The issue of multi-threaded read and write of NetCDF files has repeatedly arisen in the netcdf mailing list (netcdfgroup@unidata.ucar.edu).
To date -- WRT netcdf -- there have been two notions of thread-safe:
- Allow multiple threads to operate as long as they are operating on different files.
- Allow multiple threads to operate on the same file.
Case 1 is doable -- just time consuming to implement. In fact a netcdf-c branch exists that should allow this for netcdf 3 (classic) files. The approach is to isolate all mutable global state used by the library and surround operations on that state (both read and write) with a mutex lock. Since none of the state accesses are all that long, this should not affect performance very much. Note that an implicit assumption is that all c-library calls (esp. malloc) are or can be made thread-safe.
Case 2 is more interesting and significantly harder to implement because of the need for a more fine grain locking.
This post seeks to explore a possible approach to allowing such threaded IO. Note that this is mostly (but not entirely) independent of MPIO style parallel IO; providing this capability might allow MPIO to work faster.
Multi-Threaded Read/Write For NetCDF-3 Files
The approach proposed here is to allow multi-threaded IO in a significantly restricted way. The basic idea is to separate out meta-data management from IO.
In this proposal, we assume that a single thread is responsible for creating a file (or reading the metadata of an existing file). However, the reading and/or writing of data into variables is allowed to be done simultaneously with multiple threads. This is a form of the master-slave parallelism model[1].
This is implemented by providing case #1 locking when doing anything that can affect the metadata. Further, it must be enforced that attempts to read/write data must be carried out in the context of fixed meta-data. Note that the meta-data includes changes to the size of unlimited dimensions. which turn can cause the on-disk layout to change.
Range Locking
Assuming the above, the approach to IO is to use what is called range-locking[2]. The idea is that a thread "locks" a specific contiguous range of bytes from the file. A lock manager for range locking allows disjoint ranges to be read/written simultaneously, but overlapping ranges must be serialized. One extension is to allow the lock manager to indicate the specific overlap with respect to two (or more) ranges. It is possible, but tricky, then for a thread to be told what part of its requested range it can write without blocking.

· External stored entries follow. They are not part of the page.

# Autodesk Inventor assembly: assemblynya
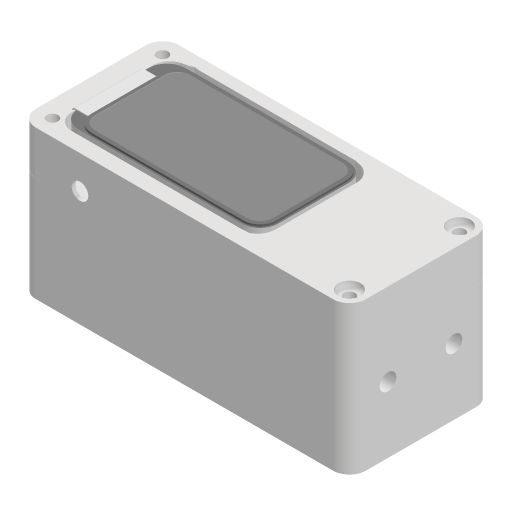
[picture p0: Inventor's stored thumbnail of the model, 512x512]
Saved by Autodesk Inventor 2023 (Build 270158000, 158)
## iProperties
Created: 2025-11-27
Part Number: assemblynya
Document SubType Name: Assembly
Designer: dinoo
Author: dinoo
## Documents named in this file (4)
- E:\1. KULIAH PENSSS\waprasta\COVER esp32c6 lcd\assemblynya.iam
- E:\1. KULIAH PENSSS\waprasta\COVER esp32c6 lcd\bawah.ipt
- E:\1. KULIAH PENSSS\waprasta\COVER esp32c6 lcd\ESP32-C6-LCD-1.47-3D_Drawing\ESP32-C6-LCD-1.47.iam
- E:\1. KULIAH PENSSS\waprasta\COVER esp32c6 lcd\atas.ipt
## Components (3 placed, 3 different names)
1. bawah:1 — Mate:1, Flush:1, Mate:2, Flush:2, Flush:3
2. ESP32-C6-LCD-1.47:1 [sub-assembly] — Mate:1, Flush:1
3. atas:1 — Mate:2, Flush:2, Flush:3
## Relationships (5: Flush 3, Mate 2)
- Mate:1 (3.5 mm): bawah:1 ↔ ESP32-C6-LCD-1.47:1
- Flush:1 (4 mm): bawah:1 ↔ ESP32-C6-LCD-1.47:1
- Mate:2: bawah:1 ↔ atas:1
- Flush:2: bawah:1 ↔ atas:1
- Flush:3: bawah:1 ↔ atas:1
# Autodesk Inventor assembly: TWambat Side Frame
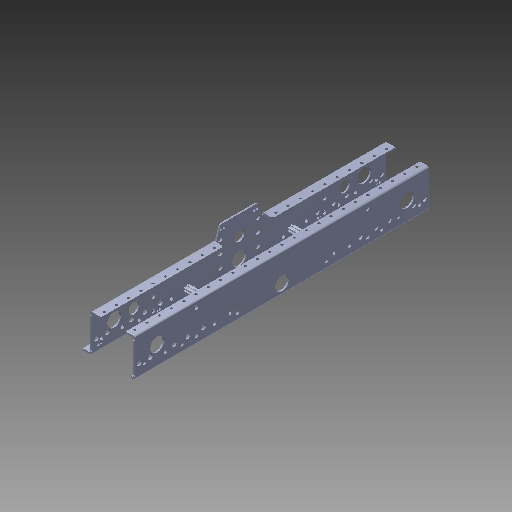
[picture p0: Inventor's stored thumbnail of the model, 512x512]
Saved by Autodesk Inventor 2019 (Build 230136000, 136)
## iProperties
Created: 2019-12-10
Part Number: TWambat Side Frame
Document SubType Name: Assembly
Designer: james
Author: james
## Documents named in this file (4)
- F:\JimsRobot\FIRSTRobots\Design\TWambat\TWambat Side Frame.iam
- F:\JimsRobot\FIRSTRobots\Design\TWambat\TWambat Inside Sheet.ipt
- F:\JimsRobot\FIRSTRobots\Design\Library\AndyMark\Churro 3375.ipt
- F:\JimsRobot\FIRSTRobots\Design\TWambat\TWambat Outside Sheet.ipt
## Components (4 placed, 3 different names)
1. TWambat Inside Sheet:1 — Mate:1, Mate:2, Mate:3, Mate:4
2. Churro 3375:1 — Mate:1, Mate:2, Mate:5, Mate:6
3. Churro 3375:2 — Mate:3, Mate:4, Mate:7
4. TWambat Outside Sheet:1 — Mate:5, Mate:6, Mate:7
## Relationships (7: Mate 7)
- Mate:1: TWambat Inside Sheet:1 ↔ Churro 3375:1
- Mate:2: TWambat Inside Sheet:1 ↔ Churro 3375:1
- Mate:3: TWambat Inside Sheet:1 ↔ Churro 3375:2
- Mate:4: TWambat Inside Sheet:1 ↔ Churro 3375:2
- Mate:5: Churro 3375:1 ↔ TWambat Outside Sheet:1
- Mate:6: Churro 3375:1 ↔ TWambat Outside Sheet:1
- Mate:7: Churro 3375:2 ↔ TWambat Outside Sheet:1

As an aside, I should note that range locking and btree locking are closely related (One can use a btree-like structure to manage range locking, for examploe). I would speculate that modifying HDF5 to allow fine grain read-write would be doable using btree-locking.
[1] How to Write Parallel Programs: A First Course, Nicholas Carriero and David Gelernter, pub. October 29, 1990.
[2] Transaction Processing: Concepts and Techniques, Jim Gray and Andreas Reuter, Morgan Kaufmann Publishers, 1993.